#### INPUT
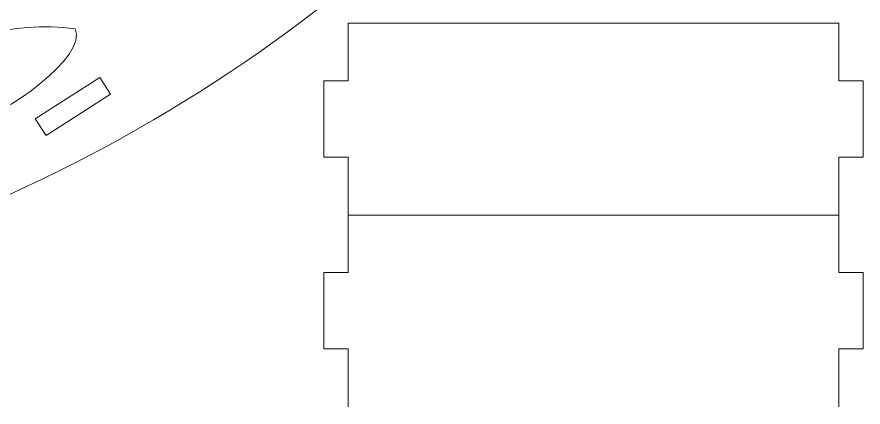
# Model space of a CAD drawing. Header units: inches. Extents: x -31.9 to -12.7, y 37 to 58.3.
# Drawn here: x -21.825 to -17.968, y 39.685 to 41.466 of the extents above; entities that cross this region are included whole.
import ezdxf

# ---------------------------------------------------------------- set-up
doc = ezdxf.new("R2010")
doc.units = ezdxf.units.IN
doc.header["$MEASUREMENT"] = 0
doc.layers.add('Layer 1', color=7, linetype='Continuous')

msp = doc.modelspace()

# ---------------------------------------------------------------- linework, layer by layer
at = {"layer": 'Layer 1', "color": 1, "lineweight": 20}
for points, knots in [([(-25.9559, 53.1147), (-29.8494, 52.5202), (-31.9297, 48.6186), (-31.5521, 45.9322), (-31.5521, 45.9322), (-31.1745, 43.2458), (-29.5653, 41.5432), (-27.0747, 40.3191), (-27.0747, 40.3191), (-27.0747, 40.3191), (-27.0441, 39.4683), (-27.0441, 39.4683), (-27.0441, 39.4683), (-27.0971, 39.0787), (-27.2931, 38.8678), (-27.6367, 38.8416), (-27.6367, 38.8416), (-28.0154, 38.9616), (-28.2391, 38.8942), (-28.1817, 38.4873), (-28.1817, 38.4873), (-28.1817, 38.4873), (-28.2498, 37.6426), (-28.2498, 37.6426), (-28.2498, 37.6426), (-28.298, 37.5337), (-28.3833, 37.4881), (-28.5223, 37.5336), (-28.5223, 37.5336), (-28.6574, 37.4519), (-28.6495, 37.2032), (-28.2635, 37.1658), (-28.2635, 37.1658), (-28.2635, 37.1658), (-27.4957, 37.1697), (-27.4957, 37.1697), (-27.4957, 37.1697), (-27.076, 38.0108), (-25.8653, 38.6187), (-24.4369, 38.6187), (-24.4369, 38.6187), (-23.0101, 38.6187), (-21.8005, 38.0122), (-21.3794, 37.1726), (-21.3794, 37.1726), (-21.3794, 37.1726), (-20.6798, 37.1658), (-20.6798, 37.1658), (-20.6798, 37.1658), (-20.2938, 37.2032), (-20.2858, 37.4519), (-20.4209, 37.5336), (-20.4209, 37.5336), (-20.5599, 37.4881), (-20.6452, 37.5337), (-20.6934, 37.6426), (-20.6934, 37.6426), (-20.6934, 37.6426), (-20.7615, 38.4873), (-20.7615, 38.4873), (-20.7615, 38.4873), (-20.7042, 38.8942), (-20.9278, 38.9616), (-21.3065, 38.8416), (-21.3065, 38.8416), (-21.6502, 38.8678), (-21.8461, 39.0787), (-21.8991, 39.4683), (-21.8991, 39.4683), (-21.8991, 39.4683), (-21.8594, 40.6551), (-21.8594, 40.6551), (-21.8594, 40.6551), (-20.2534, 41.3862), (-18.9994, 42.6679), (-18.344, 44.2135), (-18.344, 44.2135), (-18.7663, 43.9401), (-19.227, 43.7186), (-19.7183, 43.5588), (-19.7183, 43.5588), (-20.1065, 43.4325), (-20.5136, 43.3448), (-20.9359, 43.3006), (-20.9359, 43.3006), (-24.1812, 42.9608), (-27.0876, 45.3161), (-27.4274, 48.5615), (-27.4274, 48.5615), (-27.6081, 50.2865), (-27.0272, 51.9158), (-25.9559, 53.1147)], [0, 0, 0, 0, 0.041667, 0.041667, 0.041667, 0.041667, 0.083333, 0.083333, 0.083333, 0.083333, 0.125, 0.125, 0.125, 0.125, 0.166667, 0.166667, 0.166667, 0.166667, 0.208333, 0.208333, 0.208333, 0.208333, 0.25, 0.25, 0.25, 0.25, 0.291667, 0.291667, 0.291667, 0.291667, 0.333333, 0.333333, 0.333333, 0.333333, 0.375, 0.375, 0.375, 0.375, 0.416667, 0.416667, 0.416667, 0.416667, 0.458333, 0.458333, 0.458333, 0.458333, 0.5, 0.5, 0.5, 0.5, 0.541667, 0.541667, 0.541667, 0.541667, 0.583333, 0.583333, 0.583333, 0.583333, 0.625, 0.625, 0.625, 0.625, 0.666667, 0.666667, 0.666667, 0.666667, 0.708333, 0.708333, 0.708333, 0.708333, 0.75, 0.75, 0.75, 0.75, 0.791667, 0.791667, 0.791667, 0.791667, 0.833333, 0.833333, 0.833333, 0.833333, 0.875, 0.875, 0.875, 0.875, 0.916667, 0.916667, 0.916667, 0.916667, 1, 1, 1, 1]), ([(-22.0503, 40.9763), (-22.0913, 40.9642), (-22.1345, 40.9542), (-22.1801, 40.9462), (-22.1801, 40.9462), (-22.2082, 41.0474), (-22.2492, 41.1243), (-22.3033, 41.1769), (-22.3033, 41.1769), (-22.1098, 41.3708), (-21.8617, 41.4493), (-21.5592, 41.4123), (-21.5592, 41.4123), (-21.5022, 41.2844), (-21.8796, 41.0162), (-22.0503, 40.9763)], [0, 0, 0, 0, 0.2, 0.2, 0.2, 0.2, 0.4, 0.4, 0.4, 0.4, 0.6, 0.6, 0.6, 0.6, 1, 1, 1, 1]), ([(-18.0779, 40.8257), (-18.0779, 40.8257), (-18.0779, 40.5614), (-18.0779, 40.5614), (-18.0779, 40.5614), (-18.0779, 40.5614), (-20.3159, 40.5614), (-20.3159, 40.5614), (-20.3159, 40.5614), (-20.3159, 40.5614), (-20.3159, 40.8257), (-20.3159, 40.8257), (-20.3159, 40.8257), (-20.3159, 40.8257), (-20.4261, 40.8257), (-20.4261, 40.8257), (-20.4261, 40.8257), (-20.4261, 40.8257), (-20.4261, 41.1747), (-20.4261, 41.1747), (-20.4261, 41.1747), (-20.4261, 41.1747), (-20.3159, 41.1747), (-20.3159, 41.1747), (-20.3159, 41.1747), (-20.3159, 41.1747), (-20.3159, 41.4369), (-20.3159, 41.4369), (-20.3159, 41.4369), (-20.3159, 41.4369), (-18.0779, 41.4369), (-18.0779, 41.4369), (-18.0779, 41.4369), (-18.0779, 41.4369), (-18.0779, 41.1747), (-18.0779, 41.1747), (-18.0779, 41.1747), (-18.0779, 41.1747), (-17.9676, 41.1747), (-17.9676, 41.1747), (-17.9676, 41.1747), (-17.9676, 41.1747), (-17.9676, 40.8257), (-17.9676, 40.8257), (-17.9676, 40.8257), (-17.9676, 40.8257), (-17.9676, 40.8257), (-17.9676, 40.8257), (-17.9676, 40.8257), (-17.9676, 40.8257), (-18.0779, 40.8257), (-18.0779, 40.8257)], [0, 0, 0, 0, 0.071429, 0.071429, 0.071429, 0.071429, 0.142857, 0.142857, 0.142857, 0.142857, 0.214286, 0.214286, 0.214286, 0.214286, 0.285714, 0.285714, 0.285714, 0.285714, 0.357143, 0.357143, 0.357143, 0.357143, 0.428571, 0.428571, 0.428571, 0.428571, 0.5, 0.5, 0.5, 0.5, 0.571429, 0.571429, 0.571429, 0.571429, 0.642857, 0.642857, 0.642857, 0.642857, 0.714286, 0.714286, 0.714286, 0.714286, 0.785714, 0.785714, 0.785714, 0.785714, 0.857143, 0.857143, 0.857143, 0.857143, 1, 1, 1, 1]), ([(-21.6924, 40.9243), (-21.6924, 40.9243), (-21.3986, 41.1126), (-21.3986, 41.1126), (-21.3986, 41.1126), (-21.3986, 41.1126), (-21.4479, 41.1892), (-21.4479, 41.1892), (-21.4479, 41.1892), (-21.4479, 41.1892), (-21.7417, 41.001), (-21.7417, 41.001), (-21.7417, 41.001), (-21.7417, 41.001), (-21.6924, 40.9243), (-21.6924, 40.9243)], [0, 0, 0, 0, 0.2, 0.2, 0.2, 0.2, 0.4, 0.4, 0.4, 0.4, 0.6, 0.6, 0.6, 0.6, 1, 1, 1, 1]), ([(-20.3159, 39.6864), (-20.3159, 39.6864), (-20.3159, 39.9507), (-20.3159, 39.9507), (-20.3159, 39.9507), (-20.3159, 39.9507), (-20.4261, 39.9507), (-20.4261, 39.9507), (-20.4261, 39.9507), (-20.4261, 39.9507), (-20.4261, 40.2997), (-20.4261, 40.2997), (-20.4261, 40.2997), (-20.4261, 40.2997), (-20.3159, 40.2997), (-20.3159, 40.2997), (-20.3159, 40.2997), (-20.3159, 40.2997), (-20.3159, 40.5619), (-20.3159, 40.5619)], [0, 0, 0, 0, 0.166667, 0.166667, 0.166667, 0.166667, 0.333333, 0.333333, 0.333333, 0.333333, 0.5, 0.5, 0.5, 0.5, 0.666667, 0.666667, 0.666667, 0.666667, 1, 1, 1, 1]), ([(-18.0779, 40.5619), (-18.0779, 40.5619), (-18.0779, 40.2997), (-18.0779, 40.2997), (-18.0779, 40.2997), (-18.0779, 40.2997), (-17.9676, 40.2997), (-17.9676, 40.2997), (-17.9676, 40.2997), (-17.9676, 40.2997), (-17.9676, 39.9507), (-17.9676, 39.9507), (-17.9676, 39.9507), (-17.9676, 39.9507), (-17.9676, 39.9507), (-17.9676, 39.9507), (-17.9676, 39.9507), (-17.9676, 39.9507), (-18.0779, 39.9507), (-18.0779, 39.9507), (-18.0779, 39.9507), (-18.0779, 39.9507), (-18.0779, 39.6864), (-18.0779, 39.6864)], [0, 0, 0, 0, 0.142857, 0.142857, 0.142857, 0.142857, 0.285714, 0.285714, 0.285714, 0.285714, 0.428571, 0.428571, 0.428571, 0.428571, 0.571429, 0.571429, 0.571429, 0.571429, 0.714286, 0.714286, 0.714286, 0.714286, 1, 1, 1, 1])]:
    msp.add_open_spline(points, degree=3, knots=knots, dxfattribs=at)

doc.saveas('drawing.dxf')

#### ACTIVITY
Copy out each line of the records above that includes "color".

#### TASK OUTPUT
doc.layers.add('Layer 1', color=7, linetype='Continuous')
at = {"layer": 'Layer 1', "color": 1, "lineweight": 20}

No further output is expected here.